A plastic rod containing some kind of liquid that glows. The good ones usually last for 18 to 24 hours. Used primarily by ravers while liquid dancing. They make for lots of fun in a really dark setting. They also last longer if you freeze them after you are done using them for the night. For a really cool effect, play with glowsticks while on psychotropic substances.

There are hundreds of uses for this trippy little sticks. A few that come to mind date back many years before such things as rave parties ever existed. While very young, I was known to carry these light sources while dressed up in constume on halloween. As it was too dark outside, I found comfort in knowing that drivers and other trick-or-treaters could see me clearly.

I also used to take them on camping trips, which has many uses. Especially on those trips that you plan to do some night hiking, and you want to mark your campsite so it is easy for you to find. (Mind you, there are far better light sources if you want to see what's immediately in front of you). For the boy scouts out there, lord knows, I've used these many times on Snipe Hunts to scare young little scouts.

If you're a juggler, they make good night-time juggling show props. But they do get kind of hard to stare at for too long a time.

Glowsticks (and to an extent their biological cousins, the firefly) use a process called chemiluminescence to produce light. Most common glowsticks use hydrogen peroxide in an ampule which is broken when you snap the stick and is mixed with a liquid called ester to start the chemical reaction.

Differences between the duration and consequently brightness of the reaction is dependent on the amount of hydrogen peroxide provided. Larger amounts of hydrogen peroxide will produce a faster and brighter reaction.
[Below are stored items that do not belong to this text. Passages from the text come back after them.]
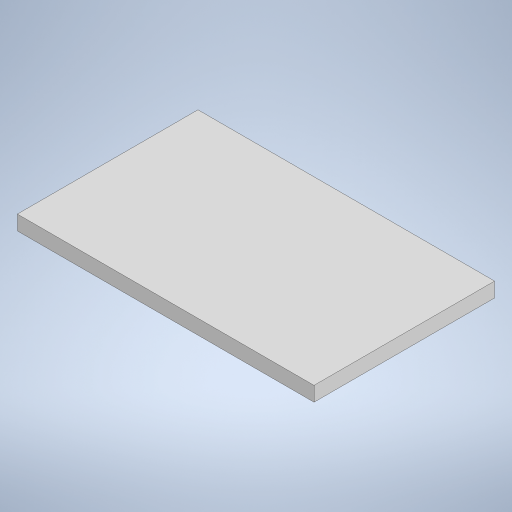
# Autodesk Inventor part: Base
Saved by Autodesk Inventor 2024 (Build 280153000, 153)
## iProperties
Created: 2023-10-07
Part Number: Base
Material: Generic
Document SubType Name: Modeling
Designer: chris
Density: 1 g/cm^3
Appearance: Default
Author: chris
Autodesk Inventor part; units mm, degrees
ref_plane "YZ Plane" through (0, 0, 0) normal (1, 0, 0) x (0, 1, 0)
ref_plane "XZ Plane" through (0, 0, 0) normal (0, 1, 0) x (-1, 0, 0)
ref_plane "XY Plane" through (0, 0, 0) normal (0, 0, 1) x (1, 0, 0)
sketch "Sketch1" plane through (0, 0, 0) normal (0, 1, 0) x (-1, 0, 0)
  line L0 (19.7838, 19.7838) -> (-19.7838, 19.7838)
  line L1 (-19.7838, 19.7838) -> (-19.7838, -19.7838)
  line L2 (-19.7838, -19.7838) -> (19.7838, -19.7838)
  line L3 (19.7838, -19.7838) -> (19.7838, 19.7838)
  line L4 (19.7838, 19.7838) -> (-19.7838, -19.7838) construction
  line L5 (-19.7838, 19.7838) -> (19.7838, -19.7838) construction
  line L6 (-19.7838, -19.7838) -> (-45.2162, -19.7838)
  line L7 (-45.2162, -19.7838) -> (-45.2162, 19.7838)
  line L8 (-45.2162, 19.7838) -> (-19.7838, 19.7838)
  line L9 (-19.7838, 19.7838) -> (-19.7838, -19.7838)
  point P0 (0, 0)
  dimension "d4" = 65
  constraints: 20 end point, 4 parallel, 3 perpendicular, 2 horizontal, 2 midpoint, 1 collinear
  measures "d4" distance between parallel lines of L3 L7
extrude "Extrusion1" add sketch "Sketch1" along normal blind 3.2
body "Solid1"

Lesser amounts will of course produce a slower and dimmer reaction.

Lowering the temperature of a glowstick will of course slow down the chemical reaction time; raising the temperature will speed it up. Your average "rave-quality" glowstick will survive 5 hours in normal situations (even less if you hit me upside the head with it while I'm lost in a jig).

It seems popular to deride the various stereotypical members of the rave culture. Glow sticks ("sticks") are an enduring fixture in that culture, of which I am an occasionally proud member. Sticks are popular within most sub-genres and I have seen them in just about every part of the world where people enjoy techno music (that would be more or less everywhere, right?).

Sticks have some basic parts: the shaft, the cap (some sticks have no cap, but most do), and the hook. Sometimes the hook and cap are integrated, sometimes the hook is removable, etc. They come in many colors, some of which are described later on.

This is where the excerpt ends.